Дорогие спутники мои - страница 4

стр.

Нет, в его стихах мироед был не плакатный. Он, готовый "бить под душу и под ребро", изображен как человек живой, узнаваемый и потому вдвойне опасный.

В то время борьба с кулачеством для всех нас была не отвлеченным понятием, а задачей дня: мы мстили не только тем, кто организовал кровавую расправу в Триполье.

Кулак сегодня встал на нашем пути, и поэтому нужно было его уничтожить как класс. Кулак в изображении Корнилова - всегда насилие, всегда надругательство над всем, что свято в человеке.

Именно об этом вел речь в тот вечер Корнилов - ив стихах и в своих комментариях к ним.

Помню, кто-то из нас спросил в записке Корнилова, не бравирует ли он, сын сельских учителей, сам интеллигент и литератор, родством с прадедом Яковом, занимавшимся разбоем у Керженца? Речь шла о стихотворении "Прадед".

Поэт признавался: "Я такой же - с надежной ухваткой, с мутным глазом и с песней большой, с вашим говором, с вашей повадкой".

Эту, одну из немногих записок, Корнилов огласил и сказал, что вряд ли нужно нам заниматься стрижкой и бритьем в истории своего государства.

— Нужно уметь в пей разбираться, - заметил Корнилов. - Сейчас я прочту вам стихотворение, о котором идет речь, и вы увидите, что я пишу с марксистских позиций о своей родословной.

Он провел ладонью по лицу, стер хитроватую улыбку и начал читать стихотворение. Оно заканчивается такими строками:


Я себя разрываю на части 

за родство вековое с тобой, 

прадед Яков, мое несчастье, - 

ты не выйдешь уже на разбой. 

Вы глаза поверните косые, 

под конец подводя бытие, 

где огромная дышит Россия, 

где рождение будет мое.

— Куда как приятней вспоминать про Пугачева или Разина, - сказал Корнилов, когда смолкли аплодисмен ты. - Но мы изучаем историю и для того, чтобы извлечь уроки, научиться преодолевать то, что остановило наших предков. Из этой борьбы мы должны выйти более закаленными, способными для новых побед.

И он снова читал стихи о комсомольском долге, о продолженье революции во всем том, чем заняты мы вместе со своим народом. Он закончил выступление стихотворением, которое как бы подводило итог - и литературному вечеру, и, может быть, занятию в сети комсомольского просвещения.


Мы стоим стеною - деревами 

наши песни, фабрики, дела, 

и нефтепроводами и рвами 

нефть ли, кровь ли наша потекла. 

  

Если старости пройдемся краем, 

дребезжа и проживая зря, 

и поймем, что - амба - умираем, 

пулеметчики и слесаря, 

  

скажем: все же молодостью лучшая 

и непревзойденная была 

наша слава, наша Революция, 

в наши воплощенные дела.

Мы уходили с вечера в общежитие, повторяя эти стихи.

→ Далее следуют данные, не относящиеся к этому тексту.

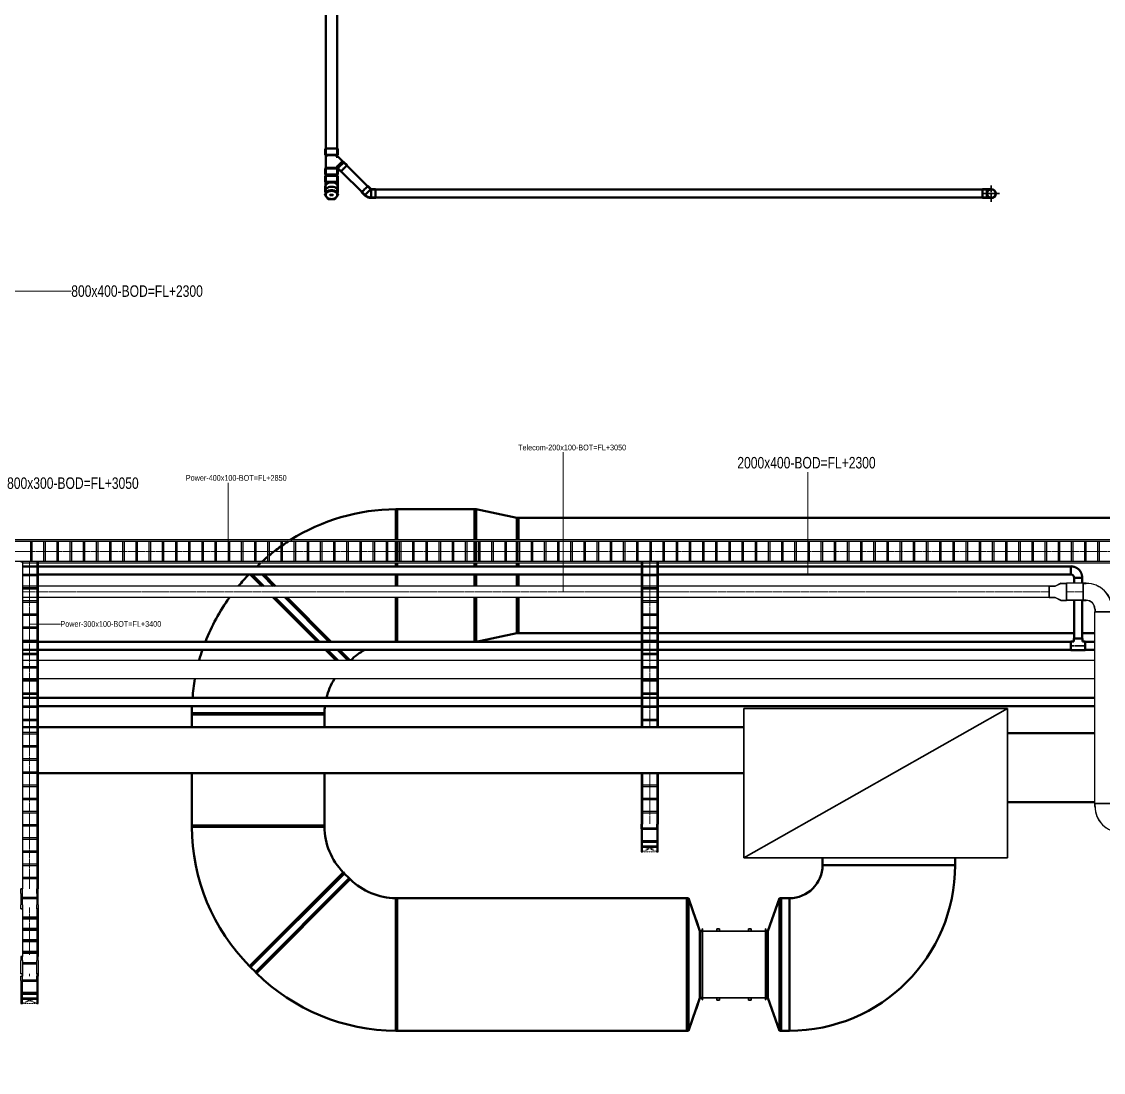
# Model space of a CAD drawing. Header units: millimetres. Extents: x -108050 to 96605, y 58136 to 140997.
# Drawn here: x -85724 to -66955, y 88397 to 106636 of the extents above; entities that cross this region are included whole.
import ezdxf

# ---------------------------------------------------------------- set-up
doc = ezdxf.new("R2010")
doc.units = ezdxf.units.MM
doc.linetypes.add('Center', pattern=[29.999999, 12, -6, 6, -6])
doc.linetypes.add('Hidden 0_75', pattern=[1.5, 0.75, -0.75])
for name, color, linetype, lineweight in [('E-CABL-TRAY', 211, 'Continuous', 25), ('E-CABL-TRAY-ANNO', 211, 'Hidden 0_75', 18), ('E-CABL-TRAY-CNTR', 211, 'Center', 18), ('E-CABL-TRAY-IDEN', 211, 'Continuous', 9), ('M-HVAC-DUCT', 70, 'Continuous', 50), ('M-HVAC-DUCT-ANNO', 70, 'Continuous', 35), ('M-HVAC-DUCT-IDEN', 70, 'Continuous', 9), ('P-PIPE', 3, 'Continuous', 50), ('P-PIPE-CNTR', 3, 'Center', 35)]:
    doc.layers.add(name, color=color, linetype=linetype, lineweight=lineweight)
doc.styles.add('Arial_1', font='arial.ttf', dxfattribs={"width": 0.75, "height": 200})
doc.styles.add('Arial_2', font='arial.ttf', dxfattribs={"width": 0.75, "height": 100})

# ---------------------------------------------------------------- blocks, each defined once
blk = doc.blocks.new('DSC_uPVC_Elbow_TienPhong - Standard-1923101-HẦM')
at = {"layer": 'P-PIPE'}
for p, q in [((-68976, 103728), (-69052, 103728)), ((-69052, 103575), (-68976, 103575))]:
    blk.add_line(p, q, dxfattribs=at)
at = {"layer": 'P-PIPE', "flags": 128}
for points in [[(-68976, 103726), (-68973, 103726), (-68970, 103726), (-68967, 103726), (-68964, 103726), (-68961, 103726), (-68958, 103726), (-68955, 103726), (-68952, 103726), (-68949, 103726), (-68946, 103726), (-68943, 103726), (-68940, 103726), (-68938, 103726), (-68935, 103726), (-68933, 103726), (-68930, 103726), (-68928, 103726), (-68925, 103726), (-68923, 103726), (-68921, 103726), (-68919, 103726), (-68917, 103726), (-68915, 103726), (-68913, 103726)], [(-68907, 103726), (-68905, 103726), (-68904, 103726), (-68903, 103726), (-68902, 103726), (-68901, 103726), (-68901, 103726), (-68900, 103726), (-68900, 103726), (-68899, 103726), (-68899, 103726), (-68899, 103726)], [(-68897, 103726), (-68896, 103726), (-68893, 103726), (-68890, 103726), (-68887, 103725), (-68884, 103725), (-68881, 103724), (-68878, 103723), (-68875, 103723), (-68873, 103722), (-68870, 103720), (-68867, 103719), (-68864, 103718), (-68862, 103716)], [(-68913, 103576), (-68914, 103576), (-68916, 103576), (-68918, 103576), (-68920, 103576), (-68923, 103576), (-68925, 103576), (-68927, 103576), (-68930, 103576), (-68932, 103576), (-68935, 103576), (-68937, 103576), (-68940, 103576), (-68943, 103576), (-68946, 103576), (-68949, 103576), (-68951, 103576), (-68954, 103576), (-68957, 103576), (-68960, 103576), (-68964, 103576), (-68967, 103576), (-68970, 103576), (-68973, 103576), (-68976, 103576), (-68976, 103576)], [(-68899, 103576), (-68899, 103576), (-68900, 103576), (-68900, 103576), (-68901, 103576), (-68901, 103576), (-68902, 103576), (-68903, 103576), (-68904, 103576), (-68905, 103576), (-68906, 103576)], [(-68861, 103587), (-68864, 103585), (-68866, 103584), (-68869, 103583), (-68872, 103581), (-68875, 103580), (-68877, 103579), (-68880, 103579), (-68883, 103578), (-68886, 103577), (-68889, 103577), (-68892, 103577), (-68895, 103576), (-68898, 103576), (-68899, 103576)]]:
    blk.add_lwpolyline(points, dxfattribs=at)
at = {"layer": 'P-PIPE'}
for start, end in [(90, 270), (270, 90)]:
    blk.add_arc((-68899, 103651), 76.7, start, end, dxfattribs=at)
for centre, major_axis, start_param, end_param in [((-69052, 103651), (0, 76.7), 0, 3.141593), ((-68976, 103651), (0, 76.7), 0, 3.141593), ((-68976, 103651), (0, 76.7), 6.115393, 6.283185), ((-68976, 103651), (0, 75), 0, 0.19635), ((-68976, 103651), (0, 75), 2.945243, 3.141593), ((-68976, 103651), (0, 76.7), 3.141593, 3.309382)]:
    blk.add_ellipse(centre, major_axis=major_axis, ratio=0.005, start_param=start_param, end_param=end_param, dxfattribs=at)
blk = doc.blocks.new('DSC_uPVC_Elbow_TienPhong - Standard-1922778-HẦM')
at = {"layer": 'P-PIPE'}
for p, q in [((-79828, 103676), (-79774, 103622)), ((-79665, 103731), (-79719, 103784)), ((-79583, 103728), (-79659, 103728)), ((-79659, 103575), (-79583, 103575))]:
    blk.add_line(p, q, dxfattribs=at)
at = {"layer": 'P-PIPE', "flags": 128}
for points in [[(-79773, 103623), (-79768, 103619), (-79763, 103615), (-79758, 103611), (-79753, 103607), (-79748, 103603), (-79743, 103600), (-79737, 103596), (-79731, 103593), (-79726, 103591), (-79720, 103588), (-79714, 103586), (-79708, 103584), (-79702, 103582), (-79695, 103580), (-79689, 103579), (-79683, 103578), (-79676, 103577), (-79670, 103577), (-79664, 103576), (-79659, 103576)], [(-79767, 103629), (-79762, 103625), (-79758, 103621), (-79753, 103617), (-79748, 103613), (-79743, 103610), (-79738, 103607), (-79733, 103604), (-79728, 103601), (-79722, 103598), (-79717, 103596), (-79711, 103594), (-79705, 103592), (-79699, 103590), (-79693, 103589), (-79687, 103587), (-79681, 103586), (-79675, 103586), (-79669, 103585), (-79663, 103585), (-79659, 103585)], [(-79659, 103726), (-79660, 103726), (-79660, 103726), (-79661, 103726), (-79661, 103727), (-79661, 103727), (-79662, 103727), (-79662, 103727), (-79663, 103727), (-79663, 103727), (-79663, 103727), (-79664, 103727), (-79664, 103728), (-79665, 103728), (-79665, 103728), (-79665, 103728), (-79666, 103728), (-79666, 103729), (-79666, 103729), (-79666, 103729), (-79667, 103729)]]:
    blk.add_lwpolyline(points, dxfattribs=at)
at = {"layer": 'P-PIPE'}
for centre, major_axis, ratio, start_param, end_param in [((-79773, 103730), (54.2, 54.2), 0.029316, 2.739216, 4.676021), ((-79773, 103730), (49.5, 49.5), 0.029316, 3.141593, 3.367024), ((-79773, 103730), (49.5, 49.5), 0.029316, 3.516006, 3.628824), ((-79773, 103730), (49.5, 49.5), 0.029316, 3.777805, 3.890623), ((-79773, 103730), (49.5, 49.5), 0.029316, 4.039605, 4.152423), ((-79773, 103730), (49.5, 49.5), 0.029316, 4.285356, 4.414222), ((-79773, 103730), (49.5, 49.5), 0.029316, 4.563204, 4.676021), ((-79773, 103730), (54.2, 54.2), 0.029316, 4.676021, 6.687005), ((-79720, 103676), (54.2, 54.2), 0.029316, 3.105225, 4.676021), ((-79773, 103730), (49.5, 49.5), 0.029316, 4.825003, 4.937821), ((-79773, 103730), (49.5, 49.5), 0.029316, 5.086802, 5.19962), ((-79773, 103730), (49.5, 49.5), 0.029316, 5.348602, 5.46142), ((-79773, 103730), (49.5, 49.5), 0.029316, 5.610401, 5.723219), ((-79773, 103730), (49.5, 49.5), 0.029316, 5.8722, 5.985018), ((-79773, 103730), (49.5, 49.5), 0.029316, 6.045551, 6.283185), ((-79720, 103676), (54.2, 54.2), 0.029316, 4.676021, 6.283185), ((-79659, 103651), (0, 76.7), 0.005, 0, 1.617239), ((-79659, 103651), (0, 76.7), 0.005, 1.617239, 3.188035), ((-79583, 103651), (0, 76.7), 0.005, 5.87796, 7.900424), ((-79583, 103651), (0, 76.7), 0.005, 1.617239, 3.544708), ((-79583, 103651), (0, 70), 0.005, 2.402637, 3.188035)]:
    blk.add_ellipse(centre, major_axis=major_axis, ratio=ratio, start_param=start_param, end_param=end_param, dxfattribs=at)
blk = doc.blocks.new('DSC_uPVC_Elbow_TienPhong - Standard-1970415-HẦM')
at = {"layer": 'P-PIPE'}
for p, q in [((-80456, 103959), (-80456, 103853)), ((-80237, 103853), (-80237, 103959)), ((-80456, 103768), (-80456, 103693)), ((-80237, 103693), (-80237, 103768))]:
    blk.add_line(p, q, dxfattribs=at)
at = {"layer": 'P-PIPE', "flags": 128}
for points in [[(-80454, 103768), (-80454, 103772), (-80454, 103775), (-80454, 103779), (-80454, 103783), (-80454, 103787), (-80454, 103791), (-80454, 103795), (-80454, 103799), (-80454, 103804), (-80454, 103808), (-80454, 103813), (-80454, 103817), (-80454, 103822), (-80454, 103827), (-80454, 103832), (-80454, 103836), (-80454, 103841), (-80454, 103846), (-80454, 103851), (-80454, 103853)], [(-80239, 103853), (-80239, 103848), (-80239, 103844), (-80239, 103839), (-80239, 103834), (-80239, 103829), (-80239, 103824), (-80239, 103820), (-80239, 103815), (-80239, 103811), (-80239, 103806), (-80239, 103802), (-80239, 103797), (-80239, 103793), (-80239, 103789), (-80239, 103785), (-80239, 103781), (-80239, 103777), (-80239, 103774), (-80239, 103770), (-80239, 103768)]]:
    blk.add_lwpolyline(points, dxfattribs=at)
at = {"layer": 'P-PIPE'}
for centre, major_axis, ratio, start_param, end_param in [((-80347, 103959), (110, 0), 0.005, 0, 3.141593), ((-80347, 103853), (110, 0), 0.005, 0, 3.141593), ((-80347, 103853), (110, 0), 0.005, 3.141593, 3.335696), ((-80347, 103768), (110, 0), 0.707107, 0, 3.141593), ((-80347, 103853), (107, 0), 0.005, 2.893572, 3.058919), ((-80347, 103853), (107, 0), 0.005, 0.082673, 0.24802), ((-80347, 103853), (110, 0), 0.005, 6.089082, 6.283185), ((-80347, 103693), (110, 0), 0.707107, 0, 3.141593), ((-80347, 103693), (110, 0), 0.707107, 3.141593, 3.543639), ((-80347, 103693), (110, 0), 0.707107, 5.881139, 6.283185)]:
    blk.add_ellipse(centre, major_axis=major_axis, ratio=ratio, start_param=start_param, end_param=end_param, dxfattribs=at)
blk = doc.blocks.new('DSC_uPVC_Cap End2-TienPhong - Standard-V14-HẦM')
at = {"layer": 'P-PIPE'}
for p, q in [((-80462, 103635), (-80434, 103670)), ((-80434, 103663), (-80462, 103628)), ((-80462, 103635), (-80462, 103628)), ((-80462, 103628), (-80404, 103557)), ((-80447, 103638), (-80447, 103628)), ((-80443, 103710), (-80443, 103635)), ((-80433, 103670), (-80404, 103706)), ((-80404, 103699), (-80433, 103663)), ((-80404, 103706), (-80289, 103706)), ((-80404, 103706), (-80404, 103699)), ((-80289, 103699), (-80404, 103699)), ((-80367, 103631), (-80327, 103631)), ((-80367, 103631), (-80347, 103631)), ((-80367, 103628), (-80327, 103628)), ((-80367, 103628), (-80327, 103628)), ((-80327, 103624), (-80367, 103624)), ((-80347, 103624), (-80367, 103624)), ((-80347, 103631), (-80327, 103631)), ((-80327, 103624), (-80347, 103624)), ((-80289, 103706), (-80231, 103635)), ((-80289, 103706), (-80289, 103699)), ((-80231, 103628), (-80289, 103699)), ((-80289, 103557), (-80231, 103628)), ((-80250, 103635), (-80250, 103710)), ((-80246, 103628), (-80246, 103638)), ((-80231, 103628), (-80231, 103635)), ((-80404, 103557), (-80289, 103557))]:
    blk.add_line(p, q, dxfattribs=at)
for centre, major_axis, start_param, end_param in [((-80347, 103628), (100, 0), 1.570796, 4.712389), ((-80347, 103638), (100, 0), 2.473508, 2.76248), ((-80347, 103638), (100, 0), 1.570796, 1.859768), ((-80367, 103628), (5, 0), 1.570796, 4.712389), ((-80367, 103628), (5, 0), 1.570796, 4.712389), ((-80367, 103631), (5, 0), 3.665191, 4.712389), ((-80367, 103631), (5, 0), 3.665191, 4.712389), ((-80347, 103638), (100, 0), 1.281824, 1.570796), ((-80347, 103628), (100, 0), 4.712389, 7.853982), ((-80327, 103628), (5, 0), 4.712389, 7.853982), ((-80327, 103628), (5, 0), 4.712389, 7.853982), ((-80327, 103631), (5, 0), 4.712389, 5.759587), ((-80327, 103631), (5, 0), 4.712389, 5.759587), ((-80347, 103638), (100, 0), 0.379113, 0.668085)]:
    blk.add_ellipse(centre, major_axis=major_axis, ratio=0.707107, start_param=start_param, end_param=end_param, dxfattribs=at)
blk = doc.blocks.new('E_Ladder Vertical Outside Bend - Standard-V23-HẦM')
at = {"layer": 'E-CABL-TRAY'}
for p, q in [((-85737, 90070), (-85711, 90070)), ((-85737, 89990), (-85737, 90070)), ((-85737, 89990), (-85737, 89590)), ((-85711, 89990), (-85711, 90070)), ((-85711, 90003), (-85462, 90003)), ((-85711, 89590), (-85711, 89990)), ((-85462, 89977), (-85711, 89977)), ((-85462, 90070), (-85437, 90070)), ((-85462, 89990), (-85462, 90070)), ((-85462, 89990), (-85462, 89590)), ((-85437, 89990), (-85437, 90070)), ((-85437, 89590), (-85437, 89990)), ((-85711, 89787), (-85462, 89787)), ((-85462, 89769), (-85711, 89769)), ((-85462, 89751), (-85711, 89751)), ((-85737, 89590), (-85711, 89590)), ((-85711, 89690), (-85462, 89690)), ((-85462, 89664), (-85711, 89664)), ((-85462, 89590), (-85437, 89590))]:
    blk.add_line(p, q, dxfattribs=at)
blk = doc.blocks.new('PG_Busway_ThanhThang - 1250A-1999621-HẦM')
at = {"layer": 'E-CABL-TRAY'}
for p, q in [((-85711, 95552), (-85462, 95552)), ((-85437, 95552), (-74977, 95552)), ((-74952, 95552), (-74702, 95552)), ((-74677, 95552), (-67103, 95552)), ((-85462, 95229), (-85711, 95229)), ((-74977, 95229), (-85437, 95229)), ((-74702, 95229), (-74952, 95229)), ((-67103, 95229), (-74677, 95229))]:
    blk.add_line(p, q, dxfattribs=at)
blk = doc.blocks.new('00_REC Elbow - 0_75 W-2034095-HẦM')
at = {"layer": 'M-HVAC-DUCT'}
for p, q in [((-1150, 1725), (1150, 1725)), ((-1725, -1150), (-1725, 1150))]:
    blk.add_line(p, q, dxfattribs=at)
for radius in [575, 2875]:
    blk.add_arc((-1725, 1725), radius, 270, 0, dxfattribs=at)
blk = doc.blocks.new('01_REC Elbow_C Flanged_ - 1 W-2034623-HẦM')
at = {"layer": 'M-HVAC-DUCT'}
for p, q in [((-132, 1497), (-150, 1479)), ((1479, -150), (-150, 1479)), ((-132, 1497), (1497, -132)), ((-965, -1152), (-965, 1152)), ((-965, 1152), (-940, 1152)), ((-940, 1152), (-940, -1152)), ((1479, -150), (1497, -132)), ((-940, -1152), (-965, -1152))]:
    blk.add_line(p, q, dxfattribs=at)
for radius, start, end in [(1150, 270.6238, 314.3762), (3450, 270.2077, 314.7923)]:
    blk.add_arc((-953, 2300), radius, start, end, dxfattribs=at)
blk = doc.blocks.new('01_REC Elbow_C Flanged_ - 1 W-V28-HẦM')
at = {"layer": 'M-HVAC-DUCT'}
for p, q in [((-132, 1497), (-150, 1479)), ((1479, -150), (-150, 1479)), ((-132, 1497), (1497, -132)), ((-965, 740), (-965, 994)), ((-940, 969), (-940, 715)), ((-965, -543), (-965, 540)), ((-940, 515), (-940, -568)), ((1479, -150), (1497, -132)), ((-965, -1110), (-965, -826)), ((-940, -851), (-940, -1135))]:
    blk.add_line(p, q, dxfattribs=at)
for radius, start, end in [(1150, 282.9789, 301.0478), (1150, 308.22, 314.3762), (3450, 312.7435, 314.7923), (3450, 304.8292, 310.3962), (3450, 296.1902, 299.3172), (3450, 279.1579, 293.6952), (3450, 270.4413, 274.9419)]:
    blk.add_arc((-953, 2300), radius, start, end, dxfattribs=at)
blk = doc.blocks.new('01_REC Elbow_C Flanged_ - 1 W-V29-HẦM')
at = {"layer": 'M-HVAC-DUCT'}
for p, q in [((39, 1291), (-141, 1471)), ((-106, 1471), (74, 1291)), ((-965, 383), (-965, 1150)), ((-940, 1150), (-940, 383)), ((946, 383), (180, 1150)), ((215, 1150), (982, 383)), ((-965, -17), (-965, 183)), ((-940, 183), (-940, -17)), ((1347, -17), (1146, 183)), ((1182, 183), (1382, -17)), ((-965, -216), (-965, -159)), ((-940, -159), (-940, -216)), ((-965, -591), (-965, -242)), ((-940, -242), (-940, -591)), ((-965, -1152), (-965, -616)), ((-940, -616), (-940, -1152)), ((-940, -1152), (-965, -1152))]:
    blk.add_line(p, q, dxfattribs=at)
for radius, start, end in [(1150, 298.6123, 313.7911), (3450, 313.144, 314.5332), (3450, 305.6497, 309.9256), (3450, 310.4748, 312.5285), (3450, 303.0425, 305.1259), (3450, 270.2077, 302.2655)]:
    blk.add_arc((-953, 2300), radius, start, end, dxfattribs=at)
blk = doc.blocks.new('01_REC Transition REC_C Flanged_ - 200 mm-2042068-HẦM')
at = {"layer": 'M-HVAC-DUCT'}
for p, q in [((0, 1000), (709, 1150)), ((711, 383), (711, 1150)), ((736, 1150), (736, 383)), ((-25, 383), (-25, 1002)), ((-25, 1002), (0, 1002)), ((0, 1002), (0, 383)), ((-25, -17), (-25, 183)), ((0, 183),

Упругий ритм их помогал идти. Вода в канале Грибоедова баюкала желтые ленинградские фонари, в высоком небе едва различались звезды. Все это мы видели и вчера, но сегодня наши глаза стали вроде бы острее, и зоркости им прибавила встреча с поэтом.

Розовые облака

Чем измеряется, чем определяется мера дарования поэта? Способностью запечатлеть свое время в художественных образах? Уменьем выразить думы и чаяния народные?

Открыть перед читателем двери в мир неизведанный, но сулящий приобщение к сокровенным таинствам движения человеческой души?

Да, всем этим: и особым даром перекладывать все, что нас окружает, на язык поэзии. И еще гражданственностью.

И доверием к тому, для кого пишутся стихи, верой в то, что он, читатель, поймет все, как надо, то есть примет дар из сердца поэта в собственное, чтобы стать богаче и одновременно щедрее, возвыситься над обычными нашими делами настолько, чтобы до конца понять их великую будничную необходимость.

Но есть еще одна важная мера. Истинный поэт непременно должен быть не похожим на других, пусть столь же талантливых. Его голос никогда не затеряется в общем хоре. Вот почему непреложна истина: талантливого поэта можно узнать по самой короткой строке.

Таков Александр Андреевич Прокофьев.

Я не знал его молодого, не видел его в длиннополой шипели, которая долго после того, как он демобилизовался из армии, заменяла ему пальто, не присутствовал на вечерах поэзии, на которых молодой поэт читал только что написанные "Песни о Ладоге". И тем не менее я никогда не забуду ощущение радости, оставленное его книгой "Полдень". Я завидовал автору, всем его товарищам, которым выпало на долю громить Юденича, как "песенный паек" качать в седле "Яблочко".